While Defendants focus on the factual differences among the Plaintiffs' claims, they fail to recognize the common allegation of IDOC's policy of discrimination which affected the Plaintiffs. Def.'s Br. at 6-8, Dkt. 26-1. Accordingly, Plaintiffs satisfy the same transaction or occurrence prong.

B.Common Question

The second prong of the joinder rule requires only that there be some common question of law or fact as to all the of the plaintiffs' claims, not that all legal and factual issues be common to all plaintiffs. Mosley, 497 F.2d at 1333. Accordingly, when multiple plaintiffs bring suit for employment discrimination alleging a pattern of discriminatory behavior, a broad variation of circumstances relating to the merits of individual performance of each of the plaintiffs will not nullify a common question of fact. Disparate v. Corporate Executive Bd., 224 F.R.D 1, 7 (D.D.C. 2004); see also Mosley, 497 F.2d 1330 (common question of law or fact found where alleged discriminatory character was basic to the plaintiffs, even though the individual members may have suffered different effects).

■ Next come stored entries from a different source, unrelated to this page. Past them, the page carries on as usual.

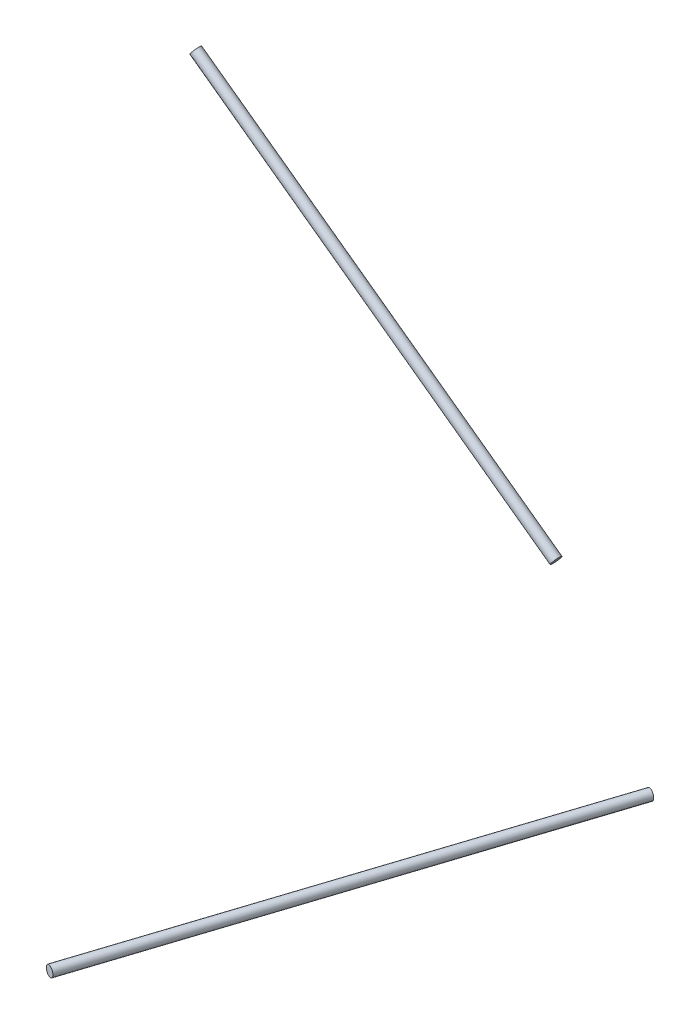
SolidWorks part; units mm, degrees
ref_plane "Front Plane" through (0, 0, 0) normal (0, 0, 1) x (1, 0, 0)
ref_plane "Top Plane" through (0, 0, 0) normal (0, 1, 0) x (1, 0, 0)
ref_plane "Right Plane" through (0, 0, 0) normal (1, 0, 0) x (0, 0, -1)
sketch "Sketch2" plane through (0, 0, 0) normal (0, 0, 1) x (1, 0, 0)
  line L0 (178.7928, 134.6028) -> (72.7649, 211.6366)
  line L1 (182.0288, -132.2517) -> (225, 0) construction
  line L2 (225, 0) -> (182.0288, 132.2517) construction
  line L3 (182.0288, 132.2517) -> (69.5288, 213.9877) construction
  line L4 (69.5288, 213.9877) -> (-69.5288, 213.9877) construction
  line L5 (-69.5288, 213.9877) -> (-182.0288, 132.2517) construction
  line L6 (-182.0288, 132.2517) -> (-225, 0) construction
  line L7 (-225, 0) -> (-182.0288, -132.2517) construction
  line L8 (-182.0288, -132.2517) -> (-69.5288, -213.9877) construction
  line L9 (-69.5288, -213.9877) -> (69.5288, -213.9877) construction
  line L10 (69.5288, -213.9877) -> (182.0288, -132.2517) construction
  line L11 (112.5, 81.736) -> (69.5288, 213.9877) construction
  line L12 (69.5288, 213.9877) -> (-69.5288, 213.9877) construction
  line L13 (-69.5288, 213.9877) -> (-112.5, 81.736) construction
  line L14 (-112.5, 81.736) -> (0, 0) construction
  line L15 (0, 0) -> (112.5, 81.736) construction
  circle A0 centre (0, 0) radius 225 construction
  circle A1 centre (0, 0) radius 213.9877 construction
  circle A2 centre (0, 118.2895) radius 95.6982 construction
  point P16 (0, 225)
  point P24 (0, 213.9877)
  dimension "D1" = 450
  dimension "D2" = 4
  dimension "D3" = 4
ref_plane "Plane1" through (72.7649, 211.6366, 0) normal (-0.809, 0.5878, 0) x (0, 0, 1)
sketch "Sketch3" plane through (72.7649, 211.6366, 0) normal (-0.809, 0.5878, 0) x (0, 0, 1)
  circle A0 centre (0, 0) radius 1.5
  dimension "D1" = 3
sweep "Sweep1" add profiles "Sketch3" path "Sketch2"
sketch "Sketch4" plane through (0, 0, 0) normal (0, 1, 0) x (1, 0, 0)
  line L0 (74.325, -44.5904) -> (117.6888, 88.8696)
  point P4 (0, 0)
ref_plane "Plane2" through (74.325, 0, 44.5904) normal (0.309, 0, -0.9511) x (-0.9511, 0, -0.309)
sketch "Sketch5" plane through (74.325, 0, 44.5904) normal (0.309, 0, -0.9511) x (-0.9511, 0, -0.309)
  circle A0 centre (0, 0) radius 1.5
  dimension "D1" = 3
sweep "Sweep2" add profiles "Sketch5" path "Sketch4"

Defendants argue that because Plaintiffs' claims arose from separate transactions at more than one facility, they do not share a common question of law or fact. See Def.'s Br. at 6-9, Dkt. 26-1. There are, however, common questions of law and fact among the Plaintiffs' claims. First, each Plaintiff filed claims alleging sex discrimination and retaliation for filing the claim. Pl.'s Resp. at 17, Dkt. 27; Am. Compl., ¶ 7.4, Dkt. 13. Likewise, the Plaintiffs all worked for the same entity experiencing similar circumstances and treatment. Id. Finally, each Plaintiff alleges a § 1983 claim for deprivation of constitutional rights under color of law and breach of contract based on their experience working for IDOC. Am. Compl. ¶¶ 7.1- 8.5, Dkt. 13. These factual and legal commonalities all satisfy the second prong.

While the Plaintiffs do not share in every claim, principles of trial convenience and necessity weigh in favor of denying the motion to sever at this stage of the litigation. Separate trials could be conducted as to those issues or claims not common among all the Defendants or Plaintiffs. See Vulcan Soc. of Westchester County v. Fire Dept. of City of White Plains, 82 F.R.D. 379 (S.D.N.Y 1979). However, separation of those issues would be at the expense of judicial economy.

2.Motion to Strike

Defendants' Motion to Strike Portions of Plaintiffs' Affidavits (Dkt. 28) is moot as the affidavits (Dkts. 27-1, 27-2, & 27-3) were not material in the Court's reasoning to deny the motion to sever claims.

For all of the reasons stated above, Plaintiffs satisfy the liberal standards for joinder of claims and Defendants will not suffer unnecessary delay, expense, or prejudice at this early stage of litigation. Similarly, this Court evaluates judicial economy and the administrative burdens of managing such cases in denying Defendants' motion at this stage of the litigation. The Court may, however, entertain an additional motion to sever as this case nears trial.



1. Defendants' Motion for Severance of Claims (Dkt. 26) is DENIED.

2. Defendants' Motion to Strike Portions of the Morehouse, Wellock, and Miller Affidavits (Dkt. 28) is DENIED AS MOOT.